Just to be clear... I'm happy with these Tomy curves but I was just a bit surprised that ALL of them needed a quick bend of the rail connectors to get the juice flowing through them.


----------



## Ted Bonehed (Dec 9, 2007)

TK Solver said:


> These are from Tomy and I bought them from www.hoslotcarracing.com...
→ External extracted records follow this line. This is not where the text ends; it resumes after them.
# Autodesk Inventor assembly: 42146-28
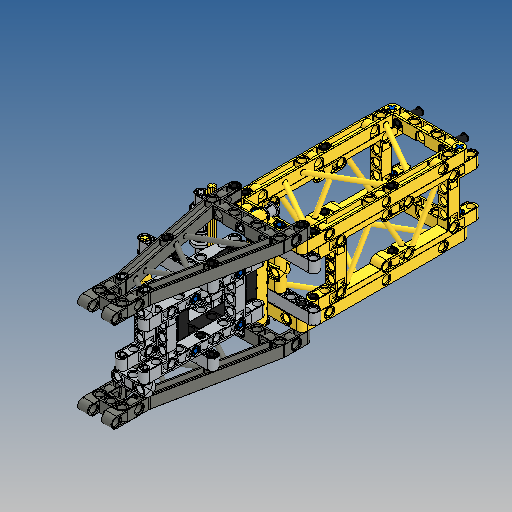
[picture p0: Inventor's stored thumbnail of the model, 512x512]
Saved by Autodesk Inventor 2025 (Build 290162010, 162A)
## iProperties
Created: 2024-12-04
Part Number: 42146-28
Material: Generisch
Document SubType Name: Assembly
Designer: hp.muther
Author: hp.muther
## Documents named in this file (22)
- D:\Inventor\Projekte\Muther\LEGO Technic\LEGO Technik - Raupenkran LR 13000 (42146)\42146-28.iam
- D:\Inventor\Projekte\Muther\LEGO Technic\LEGO Pieces\Rahmen, T-Stücke\79766-Yellow.ipt
- D:\Inventor\Projekte\Muther\LEGO Technic\LEGO Pieces\Pin's\2780-Black.ipt
- D:\Inventor\Projekte\Muther\LEGO Technic\LEGO Pieces\Pin's\43093-Blue.ipt
- D:\Inventor\Projekte\Muther\LEGO Technic\LEGO Pieces\Rahmen, T-Stücke\79767-Yellow.ipt
- D:\Inventor\Projekte\Muther\LEGO Technic\LEGO Pieces\Verbindungselemente\39793-Yellow.ipt
- D:\Inventor\Projekte\Muther\LEGO Technic\LEGO Pieces\Pin's\6558-Blue.ipt
- D:\Inventor\Projekte\Muther\LEGO Technic\LEGO Pieces\Lochbalken\32525-LtBluishGray.ipt
- D:\Inventor\Projekte\Muther\LEGO Technic\LEGO Pieces\Räder, Raupe\42610-LtBluishGray.ipt
- D:\Inventor\Projekte\Muther\LEGO Technic\LEGO Pieces\Rund\3713-LtBluishGray.ipt
- D:\Inventor\Projekte\Muther\LEGO Technic\LEGO Pieces\Rund\4265c-Yellow.ipt
- D:\Inventor\Projekte\Muther\LEGO Technic\LEGO Pieces\Achsen\32073-LtBluishGray.ipt
- D:\Inventor\Projekte\Muther\LEGO Technic\LEGO Pieces\Achsen\44294-Yellow.ipt
- D:\Inventor\Projekte\Muther\LEGO Technic\LEGO Pieces\Lochbalken\40490-Yellow.ipt
- D:\Inventor\Projekte\Muther\LEGO Technic\LEGO Pieces\Rahmen, T-Stücke\64178-LtBluishGray.ipt
- D:\Inventor\Projekte\Muther\LEGO Technic\LEGO Pieces\Rahmen, T-Stücke\64179-Black.ipt
- D:\Inventor\Projekte\Muther\LEGO Technic\LEGO Pieces\Verbindungselemente\48989-LtBluishGray.ipt
- D:\Inventor\Projekte\Muther\LEGO Technic\LEGO Pieces\Lochbalken\32524-LtBluishGray.ipt
- D:\Inventor\Projekte\Muther\LEGO Technic\LEGO Pieces\Rund\62462-Yellow.ipt
- D:\Inventor\Projekte\Muther\LEGO Technic\LEGO Pieces\Rahmen, T-Stücke\79768-DkBluishGray.ipt
- D:\Inventor\Projekte\Muther\LEGO Technic\LEGO Pieces\Pin's\18651-Black.ipt
- D:\Inventor\Projekte\Muther\LEGO Technic\LEGO Pieces\Pin's\32054-LtBluishGray.ipt
## Components (72 placed, 21 different names)
1. 79766-Yellow:1 — Einfügen:71, Einfügen:70, Einfügen:24, Einfügen:25, Einfügen:27, Einfügen:28, Einfügen:30, Einfügen:29, Einfügen:61, Einfügen:62, Einfügen:31, Einfügen:26, Einfügen:64
2. 2780-Black:1 — Einfügen:4
3. 2780-Black:2 — Einfügen:3
4. 2780-Black:3 — Einfügen:5
5. 2780-Black:4 — Einfügen:6
6. 2780-Black:5 — Einfügen:7
7. 43093-Blue:1 — Einfügen:2, Passend:2
8. 43093-Blue:2 — Einfügen:1, Passend:1
9. 79767-Yellow:1 — Einfügen:9, Passend:1
10. 79767-Yellow:2 — Einfügen:8, Passend:2, Einfügen:31, Passend:8
11. 39793-Yellow:1 — Einfügen:10, Einfügen:11, Einfügen:12, Einfügen:13, Einfügen:18, Einfügen:19
12. 6558-Blue:1 — Einfügen:10, Passend:7
13. 6558-Blue:2 — Einfügen:13
14. 6558-Blue:3 — Einfügen:11, Passend:3
15. 6558-Blue:4 — Einfügen:12
16. 32525-LtBluishGray:1 — Einfügen:19, Passend:4
17. 32525-LtBluishGray:2 — Einfügen:17, Einfügen:18, Passend:3, Einfügen:22, Einfügen:23
18. 42610-LtBluishGray:1 — Einfügen:16
19. 42610-LtBluishGray:2 — Einfügen:15, Einfügen:17
20. 3713-LtBluishGray:1 — Einfügen:14, Einfügen:15, Einfügen:16
21. 4265c-Yellow:1 — Einfügen:21, Passend:5
22. 4265c-Yellow:2 — Einfügen:20, Passend:6
23. 32073-LtBluishGray:1 — Einfügen:14, Passend:4
24. 44294-Yellow:1 — Einfügen:20, Einfügen:21, Passend:5, Passend:6, Einfügen:22
25. 79766-Yellow:2 — Einfügen:1, Einfügen:2, Einfügen:4, Einfügen:5, Einfügen:3, Einfügen:6, Einfügen:7, Einfügen:60, Einfügen:63, Einfügen:68, Einfügen:69, Passend:7, Einfügen:9, Einfügen:23, Einfügen:34, Einfügen:65, Einfügen:8
26. 2780-Black:6 — Einfügen:27
27. 2780-Black:7 — Einfügen:26, Passend:9
28. 2780-Black:8 — Einfügen:28
29. 2780-Black:9 — Einfügen:29
30. 2780-Black:10 — Einfügen:30
31. 43093-Blue:3 — Einfügen:25
32. 43093-Blue:4 — Einfügen:24, Passend:8
33. 6558-Blue:5 — Einfügen:32, Passend:18
34. 6558-Blue:6 — Einfügen:33
35. 40490-Yellow:1 — Einfügen:32, Einfügen:33, Einfügen:34, Passend:9, Einfügen:59, Einfügen:66, Einfügen:67
36. 64178-LtBluishGray:1 — Einfügen:40, Passend:11, Passend:12, Passend:13, Einfügen:47, Einfügen:58
37. 64179-Black:1 — Einfügen:39, Passend:10, Einfügen:40, Einfügen:59, Passend:18
38. 6558-Blue:7 — Einfügen:35
39. 6558-Blue:8 — Einfügen:37, Passend:11
40. 6558-Blue:9 — Einfügen:38
41. 6558-Blue:10 — Einfügen:36, Passend:10
42. 64178-LtBluishGray:2 — Einfügen:35, Einfügen:36, Einfügen:37, Einfügen:38, Einfügen:39, Einfügen:41, Einfügen:42, Passend:14, Passend:17
43. 48989-LtBluishGray:1 — Einfügen:42, Passend:13
44. 48989-LtBluishGray:2 — Einfügen:41, Passend:12
45. 2780-Black:11 — Einfügen:46
46. 2780-Black:12 — Einfügen:45
47. 2780-Black:13 — Einfügen:44
48. 2780-Black:14 — Einfügen:43, Passend:14
49. 32524-LtBluishGray:1 — Einfügen:43, Einfügen:44, Einfügen:45, Einfügen:46, Einfügen:47, Einfügen:53
50. 4265c-Yellow:3 — Einfügen:49
51. 4265c-Yellow:4 — Einfügen:48, Einfügen:50, Einfügen:53
52. 44294-Yellow:2 — Einfügen:48, Einfügen:52
53. 3713-LtBluishGray:2 — Einfügen:51, Einfügen:52
54. 42610-LtBluishGray:3 — Einfügen:50, Einfügen:49
55. 62462-Yellow:1 — Einfügen:51
56. 2780-Black:15
57. 2780-Black:16 — Einfügen:56
58. 2780-Black:17
59. 2780-Black:18 — Passend:17
60. 32524-LtBluishGray:2 — Einfügen:56, Einfügen:58
61. 79768-DkBluishGray:1 — Einfügen:64, Passend:20
62. 79768-DkBluishGray:2 — Einfügen:65, Passend:19
63. 18651-Black:1 — Einfügen:61, Passend:20
64. 18651-Black:2 — Einfügen:60, Passend:19
65. 18651-Black:3 — Einfügen:62
66. 18651-Black:4 — Einfügen:63
67. 32054-LtBluishGray:1 — Einfügen:67
68. 32054-LtBluishGray:2 — Einfügen:66
69. 2780-Black:19 — Einfügen:68
70. 2780-Black:20 — Einfügen:69
71. 2780-Black:21 — Einfügen:70
72. 2780-Black:22 — Einfügen:71
## Relationships (91: Insert 71, Mate 20)
- Einfügen:1 [Insert]: 43093-Blue:2 ↔ 79766-Yellow:2
- Einfügen:2 [Insert]: 43093-Blue:1 ↔ 79766-Yellow:2
- Einfügen:3 [Insert]: 2780-Black:2 ↔ 79766-Yellow:2
- Einfügen:4 [Insert]: 2780-Black:1 ↔ 79766-Yellow:2
- Einfügen:5 [Insert]: 2780-Black:3 ↔ 79766-Yellow:2
- Einfügen:6 [Insert]: 2780-Black:4 ↔ 79766-Yellow:2
- Einfügen:7 [Insert]: 2780-Black:5 ↔ 79766-Yellow:2
- Einfügen:8 [Insert]: 79767-Yellow:2 ↔ 79766-Yellow:2
- Einfügen:9 [Insert]: 79767-Yellow:1 ↔ 79766-Yellow:2
- Passend:1 [Mate]: 43093-Blue:2 ↔ 79767-Yellow:1
- Passend:2 [Mate]: 43093-Blue:1 ↔ 79767-Yellow:2
- Einfügen:10 [Insert]: 39793-Yellow:1 ↔ 6558-Blue:1
- Einfügen:11 [Insert]: 39793-Yellow:1 ↔ 6558-Blue:3
- Einfügen:12 [Insert]: 39793-Yellow:1 ↔ 6558-Blue:4
- Einfügen:13 [Insert]: 39793-Yellow:1 ↔ 6558-Blue:2
- Einfügen:14 [Insert] (-24 mm): 3713-LtBluishGray:1 ↔ 32073-LtBluishGray:1
- Einfügen:15 [Insert]: 42610-LtBluishGray:2 ↔ 3713-LtBluishGray:1
- Einfügen:16 [Insert]: 42610-LtBluishGray:1 ↔ 3713-LtBluishGray:1
- Einfügen:17 [Insert]: 32525-LtBluishGray:2 ↔ 42610-LtBluishGray:2
- Einfügen:18 [Insert]: 39793-Yellow:1 ↔ 32525-LtBluishGray:2
- Passend:3 [Mate]: 6558-Blue:3 ↔ 32525-LtBluishGray:2
- Einfügen:19 [Insert]: 39793-Yellow:1 ↔ 32525-LtBluishGray:1
- Passend:4 [Mate]: 32525-LtBluishGray:1 ↔ 32073-LtBluishGray:1
- Einfügen:20 [Insert] (-8 mm): 4265c-Yellow:2 ↔ 44294-Yellow:1
- Einfügen:21 [Insert] (-8 mm): 4265c-Yellow:1 ↔ 44294-Yellow:1
- Passend:5 [Mate]: 4265c-Yellow:1 ↔ 44294-Yellow:1
- Passend:6 [Mate]: 4265c-Yellow:2 ↔ 44294-Yellow:1
- Einfügen:22 [Insert] (-48 mm): 32525-LtBluishGray:2 ↔ 44294-Yellow:1
- Einfügen:23 [Insert]: 32525-LtBluishGray:2 ↔ 79766-Yellow:2
- Passend:7 [Mate]: 6558-Blue:1 ↔ 79766-Yellow:2
- Einfügen:24 [Insert]: 79766-Yellow:1 ↔ 43093-Blue:4
- Einfügen:25 [Insert]: 79766-Yellow:1 ↔ 43093-Blue:3
- Einfügen:26 [Insert]: 79766-Yellow:1 ↔ 2780-Black:7
- Einfügen:27 [Insert]: 79766-Yellow:1 ↔ 2780-Black:6
- Einfügen:28 [Insert]: 79766-Yellow:1 ↔ 2780-Black:8
- Einfügen:29 [Insert]: 79766-Yellow:1 ↔ 2780-Black:9
- Einfügen:30 [Insert]: 79766-Yellow:1 ↔ 2780-Black:10
- Einfügen:31 [Insert]: 79766-Yellow:1 ↔ 79767-Yellow:2
- Passend:8 [Mate]: 79767-Yellow:2 ↔ 43093-Blue:4
- Einfügen:32 [Insert]: 6558-Blue:5 ↔ 40490-Yellow:1
- Einfügen:33 [Insert]: 6558-Blue:6 ↔ 40490-Yellow:1
- Einfügen:34 [Insert]: 79766-Yellow:2 ↔ 40490-Yellow:1
- Passend:9 [Mate]: 2780-Black:7 ↔ 40490-Yellow:1
- Einfügen:35 [Insert]: 6558-Blue:7 ↔ 64178-LtBluishGray:2
- Einfügen:36 [Insert]: 6558-Blue:10 ↔ 64178-LtBluishGray:2
- Einfügen:37 [Insert]: 6558-Blue:8 ↔ 64178-LtBluishGray:2
- Einfügen:38 [Insert]: 6558-Blue:9 ↔ 64178-LtBluishGray:2
- Einfügen:39 [Insert]: 64179-Black:1 ↔ 64178-LtBluishGray:2
- Passend:10 [Mate]: 64179-Black:1 ↔ 6558-Blue:10
- Einfügen:40 [Insert]: 64178-LtBluishGray:1 ↔ 64179-Black:1
- Passend:11 [Mate]: 64178-LtBluishGray:1 ↔ 6558-Blue:8
- Einfügen:41 [Insert]: 64178-LtBluishGray:2 ↔ 48989-LtBluishGray:2
- Einfügen:42 [Insert]: 64178-LtBluishGray:2 ↔ 48989-LtBluishGray:1
- Passend:12 [Mate]: 64178-LtBluishGray:1 ↔ 48989-LtBluishGray:2
- Passend:13 [Mate]: 64178-LtBluishGray:1 ↔ 48989-LtBluishGray:1
- Einfügen:43 [Insert]: 2780-Black:14 ↔ 32524-LtBluishGray:1
- Einfügen:44 [Insert]: 2780-Black:13 ↔ 32524-LtBluishGray:1
- Einfügen:45 [Insert]: 2780-Black:12 ↔ 32524-LtBluishGray:1
- Einfügen:46 [Insert]: 2780-Black:11 ↔ 32524-LtBluishGray:1
- Einfügen:47 [Insert]: 64178-LtBluishGray:1 ↔ 32524-LtBluishGray:1
- Passend:14 [Mate]: 64178-LtBluishGray:2 ↔ 2780-Black:14
- Einfügen:48 [Insert] (-12 mm): 4265c-Yellow:4 ↔ 44294-Yellow:2
- Einfügen:49 [Insert]: 4265c-Yellow:3 ↔ 42610-LtBluishGray:3
- [Mate]: 4265c-Yellow:3 ↔ 44294-Yellow:2
- [Mate]: 4265c-Yellow:4 ↔ 44294-Yellow:2
- Einfügen:50 [Insert]: 4265c-Yellow:4 ↔ 42610-LtBluishGray:3
- Einfügen:51 [Insert]: 3713-LtBluishGray:2 ↔ 62462-Yellow:1
- Einfügen:52 [Insert] (-16 mm): 44294-Yellow:2 ↔ 3713-LtBluishGray:2
- Einfügen:53 [Insert]: 32524-LtBluishGray:1 ↔ 4265c-Yellow:4
- [Insert]: 2780-Black:18 ↔ 32524-LtBluishGray:2
- [Insert]: 2780-Black:17 ↔ 32524-LtBluishGray:2
- Einfügen:56 [Insert]: 2780-Black:16 ↔ 32524-LtBluishGray:2
- [Insert]: 2780-Black:15 ↔ 32524-LtBluishGray:2
- Einfügen:58 [Insert]: 64178-LtBluishGray:1 ↔ 32524-LtBluishGray:2
- Passend:17 [Mate]: 64178-LtBluishGray:2 ↔ 2780-Black:18
- Einfügen:59 [Insert]: 40490-Yellow:1 ↔ 64179-Black:1
- Passend:18 [Mate]: 6558-Blue:5 ↔ 64179-Black:1
- Einfügen:60 [Insert]: 79766-Yellow:2 ↔ 18651-Black:2
- Einfügen:61 [Insert]: 79766-Yellow:1 ↔ 18651-Black:1
- Einfügen:62 [Insert]: 79766-Yellow:1 ↔ 18651-Black:3
- Einfügen:63 [Insert]: 79766-Yellow:2 ↔ 18651-Black:4
- Einfügen:64 [Insert]: 79766-Yellow:1 ↔ 79768-DkBluishGray:1
- Einfügen:65 [Insert]: 79766-Yellow:2 ↔ 79768-DkBluishGray:2
- Passend:19 [Mate]: 79768-DkBluishGray:2 ↔ 18651-Black:2
- Passend:20 [Mate]: 79768-DkBluishGray:1 ↔ 18651-Black:1
- Einfügen:66 [Insert]: 40490-Yellow:1 ↔ 32054-LtBluishGray:2
- Einfügen:67 [Insert]: 40490-Yellow:1 ↔ 32054-LtBluishGray:1
- Einfügen:68 [Insert]: 79766-Yellow:2 ↔ 2780-Black:19
- Einfügen:69 [Insert]: 79766-Yellow:2 ↔ 2780-Black:20
- Einfügen:70 [Insert]: 79766-Yellow:1 ↔ 2780-Black:21
- Einfügen:71 [Insert]: 79766-Yellow:1 ↔ 2780-Black:22
## Named parameters: d31_d0 = 0 mm, d32_d1 = 0 mm, d33_d2 = 0 mm, d34_d3 = 0 mm, d35_d4 = 0 mm, d36_d5 = 0 mm, d37_d6 = 0 mm, d63_d24 = -12 mm, d64_d25 = 0 mm, d65_d26 = 0 mm, d66_d27 = 0 mm, d71_d57 = 0 mm, d72_d58 = 0 mm, d73_d59 = 0 mm, d74_d60 = 0 mm

Reading your first post I thought, "hmm, interesting, I just bought some of those too." Then when I read your next post I thought, "dang, I got mine from the same place..." not that that should matter I guess. I have yet to try mine, but I have confidence they will work even if mine have the same issue as yours because I'm soldering them. Would this be an option for you?


----------



## TK Solver (Mar 18, 2004)

My layout isn't permanent so soldering isn't an option (yet). Some day I would like to have a permanent layout. For now, I seem to have almost as much fun making occasional (about once a year) tweaks to the layout as I do racing. I've got overpasses with the bright orange guard rails (with cardboard billboards glued to the back) and ramp supports made from Legos and kids seem to like the look so that gives me a grin. It's a bit of a pain to clean so I cover it with a couple of sheets after I power down and that helps keep the dust off. Someday I'd love to have a super smooth track set up something like Road America (http://www.roadamerica.com/track_maps.htm). Gotta have a lot more space for that though.


----------



## Bro-man44 (Feb 7, 2007)

TK,

I have 22-18" curves on my layout and I haven't experienced any electrical problems on any one of them. 4 of them I got at a slot car show and the other 18 I got from Brian at BRS Hobbies!! Great guy to deal with!! Anywho, man can you sweep around them bad fellows at high speed!! 

Good Luck,
Tom


----------



## coach61 (Sep 6, 2004)

ey Guys, our own Grungerrock rock jeep sells 18" curves he did them long before Tomy did, and hes a heck of a lot cheaper!


Dave


----------



## TK Solver (Mar 18, 2004)

Dave, I've known about those curves from GRJ for several years and heard good things about them but I always thought the price was higher than these from Tomy. I used to see them listed on Buds site for something like $18 a pair. These are under $10 a pair. I'm guessing that GRJ's price is now around $10 a pair too. The Tomy 15" curves may get more popular now too to pair up with these 18's. Greg Braun's site has them for under $8 a pair. My local Hobby Town had none on the rack.


----------